Sono i tre piccoletti a “cantare” in ogni partita e a fare la felicità di Sarri e dei tifosi

I nuovi tenori del calcio sono loro. In principio furono definiti tali Lavezzi, Hamsik e Cavani perché riuscivano a regalare gioie e gol con classe e qualità. Adesso il testimone è passato a Callejon, Insigne e Mertens. Sono i tre piccoletti a “cantare” in ogni partita facendo la felicità di Sarri e dei tifosi napoletani. L’ultima “opera” è andata in scena l’altra sera contro il Feyenoord in Champions League. Qualcuno ha detto che gli olandesi erano troppo inferiori ma i gol bisogna sempre farli.

Lo spagnolo, il napoletano e il belga hanno firmato un successo che rilancia il Napoli nella corsa agli ottavi di finale della competizione europea. Il loro rendimento, comunque, è altissimo. E se sono diventati dei veri bomber il merito è sicuramente del proprio allenatore. Da quando il toscano è arrivato sulla panchina azzurra, infatti, tutti e tre hanno collezionato complessivamente 116 gol. Il clou c’è stato l’anno passato quando si è dovuto rimediare alla partenza di Higuaìn.

Si pensava che senza il Pipita si potesse soffrire in fase realizzativa ed, invece, si è andato in porta di più. Addirittura Mertens è arrivato a 34 reti stagionali. Un botto non da poco per il fiammingo che non era mai arrivato a queste cifre. Deve ringraziare Sarri che lo ha scelto per fare inizialmente un falso nueve. Poi è stato lui a diventare una vera e propria prima punta. Anche in questa nuova stagione non sta tradendo le aspettative. Sono già otto le griffe tra campionato e Coppa. Sei li ha siglati Callejon, quattro Insigne. Dei trenta totali in dieci gare diciotto portano la loro firma. Sono, dunque, una garanzia la davanti e adesso che non c’è Milik dovranno fare degli straordinari per cercare di rimanere ad alti livelli sia in serie A che in campo internazionale.
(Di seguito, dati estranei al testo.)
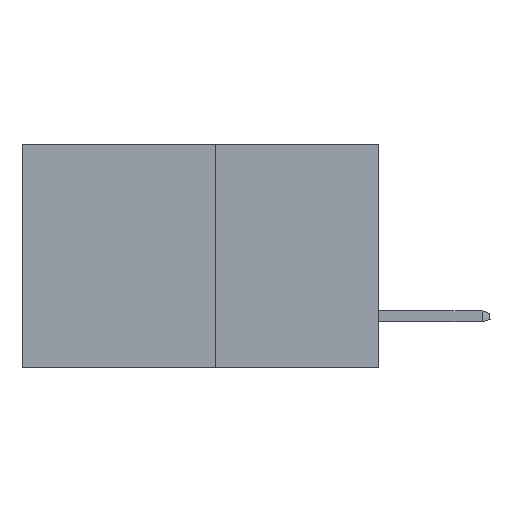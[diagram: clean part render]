
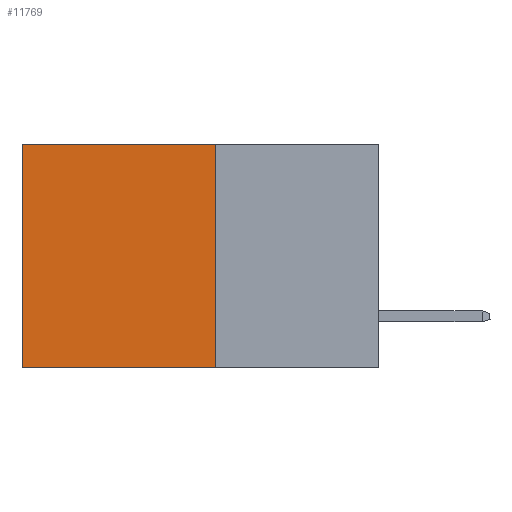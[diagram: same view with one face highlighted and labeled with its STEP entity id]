
A CAD part, left-side view. The second image highlights one B-rep face of the part: STEP entity #11769.
In plain terms, the highlighted planar face has unit normal (-1, 0, 0).
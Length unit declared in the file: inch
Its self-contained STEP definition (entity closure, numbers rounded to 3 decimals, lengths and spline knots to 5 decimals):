
#1104 = CARTESIAN_POINT ( 'NONE',  ( 0.277, 0.27, 0. ) ) ;
#1274 = VECTOR ( 'NONE', #13206, 39.37008 ) ;
#1933 = CARTESIAN_POINT ( 'NONE',  ( 0.277, 0.27, 0. ) ) ;
#2132 = ORIENTED_EDGE ( 'NONE', *, *, #22178, .T. ) ;
#2189 = CARTESIAN_POINT ( 'NONE',  ( 0.277, 0.59, -0.37 ) ) ;
#2934 = CARTESIAN_POINT ( 'NONE',  ( 0.277, 0.59, 0. ) ) ;
#3131 = DIRECTION ( 'NONE',  ( 0., 1., 0. ) ) ;
#4323 = VERTEX_POINT ( 'NONE', #17500 ) ;
#4860 = EDGE_LOOP ( 'NONE', ( #2132, #13804, #12419, #14378 ) ) ;
#5270 = EDGE_CURVE ( 'NONE', #11330, #8669, #10598, .T. ) ;
#6375 = DIRECTION ( 'NONE',  ( 0., 1., 0. ) ) ;
#8138 = PLANE ( 'NONE',  #12612 ) ;
#8669 = VERTEX_POINT ( 'NONE', #2934 ) ;
#8935 = LINE ( 'NONE', #10083, #13173 ) ;
#9865 = CARTESIAN_POINT ( 'NONE',  ( 0.277, 0.27, -0.37 ) ) ;
#9988 = DIRECTION ( 'NONE',  ( 0., 0., -1. ) ) ;
#10083 = CARTESIAN_POINT ( 'NONE',  ( 0.277, 0.27, -0.37 ) ) ;
#10598 = LINE ( 'NONE', #1933, #19448 ) ;
#11259 = EDGE_CURVE ( 'NONE', #4323, #12127, #8935, .T. ) ;
#11330 = VERTEX_POINT ( 'NONE', #1104 ) ;
#11769 = ADVANCED_FACE ( 'NONE', ( #21340 ), #8138, .F. ) ;
#12127 = VERTEX_POINT ( 'NONE', #23140 ) ;
#12419 = ORIENTED_EDGE ( 'NONE', *, *, #22823, .F. ) ;
#12612 = AXIS2_PLACEMENT_3D ( 'NONE', #15309, #20569, #9988 ) ;
#13173 = VECTOR ( 'NONE', #6375, 39.37008 ) ;
#13206 = DIRECTION ( 'NONE',  ( 0., 0., -1. ) ) ;
#13804 = ORIENTED_EDGE ( 'NONE', *, *, #11259, .F. ) ;
#14378 = ORIENTED_EDGE ( 'NONE', *, *, #5270, .T. ) ;
#14427 = VECTOR ( 'NONE', #20521, 39.37008 ) ;
#15309 = CARTESIAN_POINT ( 'NONE',  ( 0.277, 0.27, -0.37 ) ) ;
#15838 = LINE ( 'NONE', #2189, #1274 ) ;
#17500 = CARTESIAN_POINT ( 'NONE',  ( 0.277, 0.27, -0.37 ) ) ;
#19104 = LINE ( 'NONE', #9865, #14427 ) ;
#19448 = VECTOR ( 'NONE', #3131, 39.37008 ) ;
#20521 = DIRECTION ( 'NONE',  ( 0., 0., -1. ) ) ;
#20569 = DIRECTION ( 'NONE',  ( 1., 0., 0. ) ) ;
#21340 = FACE_OUTER_BOUND ( 'NONE', #4860, .T. ) ;
#22178 = EDGE_CURVE ( 'NONE', #8669, #12127, #15838, .T. ) ;
#22823 = EDGE_CURVE ( 'NONE', #11330, #4323, #19104, .T. ) ;
#23140 = CARTESIAN_POINT ( 'NONE',  ( 0.277, 0.59, -0.37 ) ) ;
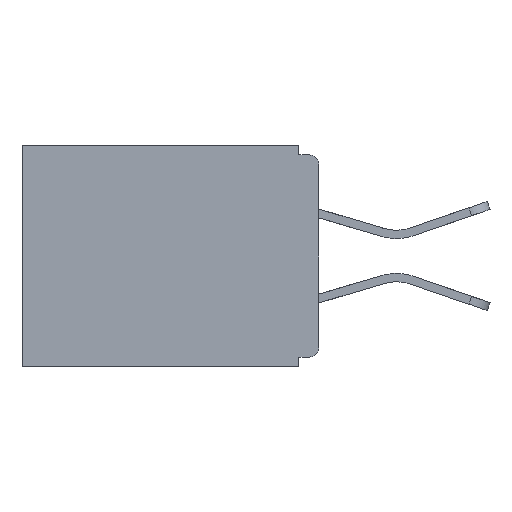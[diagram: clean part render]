
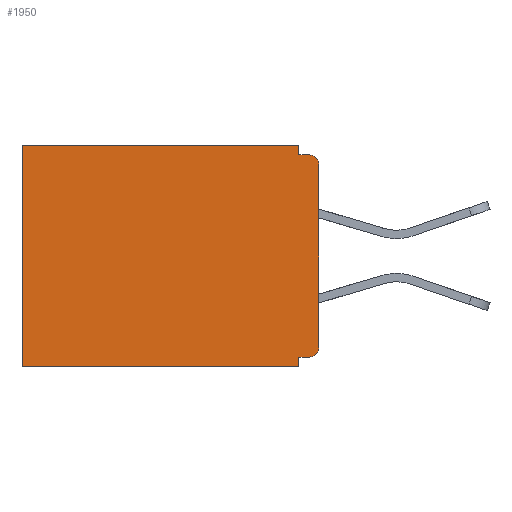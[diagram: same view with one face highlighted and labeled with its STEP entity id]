
A CAD part, left-side view. The second image highlights one B-rep face of the part: STEP entity #1950.
In plain terms, the highlighted planar face has unit normal (-1, 0, 0).
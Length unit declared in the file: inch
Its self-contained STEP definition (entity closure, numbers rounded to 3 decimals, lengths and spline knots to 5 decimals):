
#16 = ORIENTED_EDGE ( 'NONE', *, *, #2524, .F. ) ;
#97 = FACE_OUTER_BOUND ( 'NONE', #10405, .T. ) ;
#281 = ORIENTED_EDGE ( 'NONE', *, *, #8084, .T. ) ;
#496 = CIRCLE ( 'NONE', #3470, 0.015 ) ;
#722 = ORIENTED_EDGE ( 'NONE', *, *, #12151, .T. ) ;
#787 = VECTOR ( 'NONE', #7042, 39.37008 ) ;
#990 = EDGE_CURVE ( 'NONE', #11822, #8234, #1338, .T. ) ;
#1056 = VERTEX_POINT ( 'NONE', #22074 ) ;
#1338 = LINE ( 'NONE', #2497, #18613 ) ;
#1349 = CARTESIAN_POINT ( 'NONE',  ( 0.298, 0.46, 0. ) ) ;
#1703 = ORIENTED_EDGE ( 'NONE', *, *, #3284, .F. ) ;
#1841 = VECTOR ( 'NONE', #18533, 39.37008 ) ;
#1950 = ADVANCED_FACE ( 'NONE', ( #97 ), #11597, .F. ) ;
#2497 = CARTESIAN_POINT ( 'NONE',  ( 0.298, 0., 0. ) ) ;
#2524 = EDGE_CURVE ( 'NONE', #15810, #6352, #17356, .T. ) ;
#2689 = CARTESIAN_POINT ( 'NONE',  ( 0.298, 0.015, -0.313 ) ) ;
#3222 = CARTESIAN_POINT ( 'NONE',  ( 0.298, 0., -0.015 ) ) ;
#3284 = EDGE_CURVE ( 'NONE', #4112, #24297, #16381, .T. ) ;
#3437 = VECTOR ( 'NONE', #7036, 39.37008 ) ;
#3470 = AXIS2_PLACEMENT_3D ( 'NONE', #2689, #16011, #4610 ) ;
#3812 = ORIENTED_EDGE ( 'NONE', *, *, #15184, .F. ) ;
#4112 = VERTEX_POINT ( 'NONE', #14151 ) ;
#4610 = DIRECTION ( 'NONE',  ( 0., 0., -1. ) ) ;
#5167 = DIRECTION ( 'NONE',  ( 0., 0., -1. ) ) ;
#6352 = VERTEX_POINT ( 'NONE', #14433 ) ;
#6389 = DIRECTION ( 'NONE',  ( 0., 1., 0. ) ) ;
#6423 = EDGE_CURVE ( 'NONE', #24297, #15810, #7607, .T. ) ;
#6857 = LINE ( 'NONE', #22304, #1841 ) ;
#7036 = DIRECTION ( 'NONE',  ( 0., -1., 0. ) ) ;
#7042 = DIRECTION ( 'NONE',  ( 0., 0., -1. ) ) ;
#7184 = VECTOR ( 'NONE', #6389, 39.37008 ) ;
#7473 = ORIENTED_EDGE ( 'NONE', *, *, #990, .F. ) ;
#7607 = LINE ( 'NONE', #20234, #787 ) ;
#8084 = EDGE_CURVE ( 'NONE', #11822, #17546, #18765, .T. ) ;
#8234 = VERTEX_POINT ( 'NONE', #20167 ) ;
#8891 = AXIS2_PLACEMENT_3D ( 'NONE', #13749, #23132, #15669 ) ;
#8987 = AXIS2_PLACEMENT_3D ( 'NONE', #11899, #23284, #21282 ) ;
#9167 = DIRECTION ( 'NONE',  ( 0., 1., 0. ) ) ;
#9653 = CARTESIAN_POINT ( 'NONE',  ( 0.298, 0.031, -0.343 ) ) ;
#10008 = CARTESIAN_POINT ( 'NONE',  ( 0.298, 0.031, -0.015 ) ) ;
#10042 = VECTOR ( 'NONE', #5167, 39.37008 ) ;
#10043 = EDGE_CURVE ( 'NONE', #4112, #8234, #496, .T. ) ;
#10153 = DIRECTION ( 'NONE',  ( 0., 0., -1. ) ) ;
#10405 = EDGE_LOOP ( 'NONE', ( #281, #17656, #3812, #722, #12102, #16, #15375, #1703, #21276, #7473 ) ) ;
#11597 = PLANE ( 'NONE',  #8891 ) ;
#11822 = VERTEX_POINT ( 'NONE', #15695 ) ;
#11899 = CARTESIAN_POINT ( 'NONE',  ( 0.298, 0.015, -0.03 ) ) ;
#11954 = DIRECTION ( 'NONE',  ( 0., 0., -1. ) ) ;
#12031 = LINE ( 'NONE', #3222, #3437 ) ;
#12102 = ORIENTED_EDGE ( 'NONE', *, *, #22492, .T. ) ;
#12151 = EDGE_CURVE ( 'NONE', #23042, #1056, #6857, .T. ) ;
#12629 = CARTESIAN_POINT ( 'NONE',  ( 0.298, 0.015, -0.015 ) ) ;
#13749 = CARTESIAN_POINT ( 'NONE',  ( 0.298, 0., 0. ) ) ;
#13860 = VERTEX_POINT ( 'NONE', #10008 ) ;
#14151 = CARTESIAN_POINT ( 'NONE',  ( 0.298, 0.015, -0.328 ) ) ;
#14433 = CARTESIAN_POINT ( 'NONE',  ( 0.298, 0.46, -0.343 ) ) ;
#15184 = EDGE_CURVE ( 'NONE', #23042, #13860, #21299, .T. ) ;
#15375 = ORIENTED_EDGE ( 'NONE', *, *, #6423, .F. ) ;
#15472 = CARTESIAN_POINT ( 'NONE',  ( 0.298, 0., -0.343 ) ) ;
#15669 = DIRECTION ( 'NONE',  ( 0., 0., -1. ) ) ;
#15695 = CARTESIAN_POINT ( 'NONE',  ( 0.298, 0., -0.03 ) ) ;
#15810 = VERTEX_POINT ( 'NONE', #9653 ) ;
#16011 = DIRECTION ( 'NONE',  ( -1., 0., 0. ) ) ;
#16381 = LINE ( 'NONE', #18524, #24162 ) ;
#17110 = VECTOR ( 'NONE', #10153, 39.37008 ) ;
#17356 = LINE ( 'NONE', #15472, #7184 ) ;
#17546 = VERTEX_POINT ( 'NONE', #12629 ) ;
#17656 = ORIENTED_EDGE ( 'NONE', *, *, #23963, .F. ) ;
#18524 = CARTESIAN_POINT ( 'NONE',  ( 0.298, 0., -0.328 ) ) ;
#18533 = DIRECTION ( 'NONE',  ( 0., 1., 0. ) ) ;
#18613 = VECTOR ( 'NONE', #11954, 39.37008 ) ;
#18765 = CIRCLE ( 'NONE', #8987, 0.015 ) ;
#20167 = CARTESIAN_POINT ( 'NONE',  ( 0.298, 0., -0.313 ) ) ;
#20234 = CARTESIAN_POINT ( 'NONE',  ( 0.298, 0.031, -0.343 ) ) ;
#21073 = LINE ( 'NONE', #1349, #10042 ) ;
#21276 = ORIENTED_EDGE ( 'NONE', *, *, #10043, .T. ) ;
#21282 = DIRECTION ( 'NONE',  ( 0., 0., -1. ) ) ;
#21299 = LINE ( 'NONE', #23367, #17110 ) ;
#21528 = CARTESIAN_POINT ( 'NONE',  ( 0.298, 0.031, -0.328 ) ) ;
#22074 = CARTESIAN_POINT ( 'NONE',  ( 0.298, 0.46, 0. ) ) ;
#22304 = CARTESIAN_POINT ( 'NONE',  ( 0.298, 0., 0. ) ) ;
#22492 = EDGE_CURVE ( 'NONE', #1056, #6352, #21073, .T. ) ;
#22835 = CARTESIAN_POINT ( 'NONE',  ( 0.298, 0.031, 0. ) ) ;
#23042 = VERTEX_POINT ( 'NONE', #22835 ) ;
#23132 = DIRECTION ( 'NONE',  ( 1., 0., 0. ) ) ;
#23284 = DIRECTION ( 'NONE',  ( -1., 0., 0. ) ) ;
#23367 = CARTESIAN_POINT ( 'NONE',  ( 0.298, 0.031, -0.343 ) ) ;
#23963 = EDGE_CURVE ( 'NONE', #13860, #17546, #12031, .T. ) ;
#24162 = VECTOR ( 'NONE', #9167, 39.37008 ) ;
#24297 = VERTEX_POINT ( 'NONE', #21528 ) ;

ATTACCO SUPERSTAR. Attualmente, comunque, il Napoli ha il miglior reparto offensivo d’Europa. I numeri, infatti, dicono che il Manchester United ha segnato 25 gol in 9 match, il City 29 in 9, il Barcellona 24 in 9, il Real Madrid 24 in 11, il Bayern Monaco 24 in 9 e il Psg 28 in 8. La squadra di Sarri, quindi, è ampiamente nella media delle formazioni più importanti del Vecchio Continente. Va anche detto che le cosiddette big hanno fatto investimenti importanti per acquistare i bomber e per pagarli ci vogliono montagne di soldi.

De Laurentiis, quello che era il migliore in assoluto in Italia, lo ha venduto due estati fa incassando 90 milioni di euro. Si pensava che si potesse rischiare uno stop ed, invece, c’è stato un exploit maggiore. Il merito va ai diretti interessati ma anche a Maurizio Sarri che da quando allena ha sempre permesso ai suoi attaccanti di fare grandi cose. Adesso, però, bisogna raccogliere i frutti di tutti questi gol riuscendo a conquistare finalmente il terzo scudetto della storia del Napoli. Intanto devono continuare a segnare.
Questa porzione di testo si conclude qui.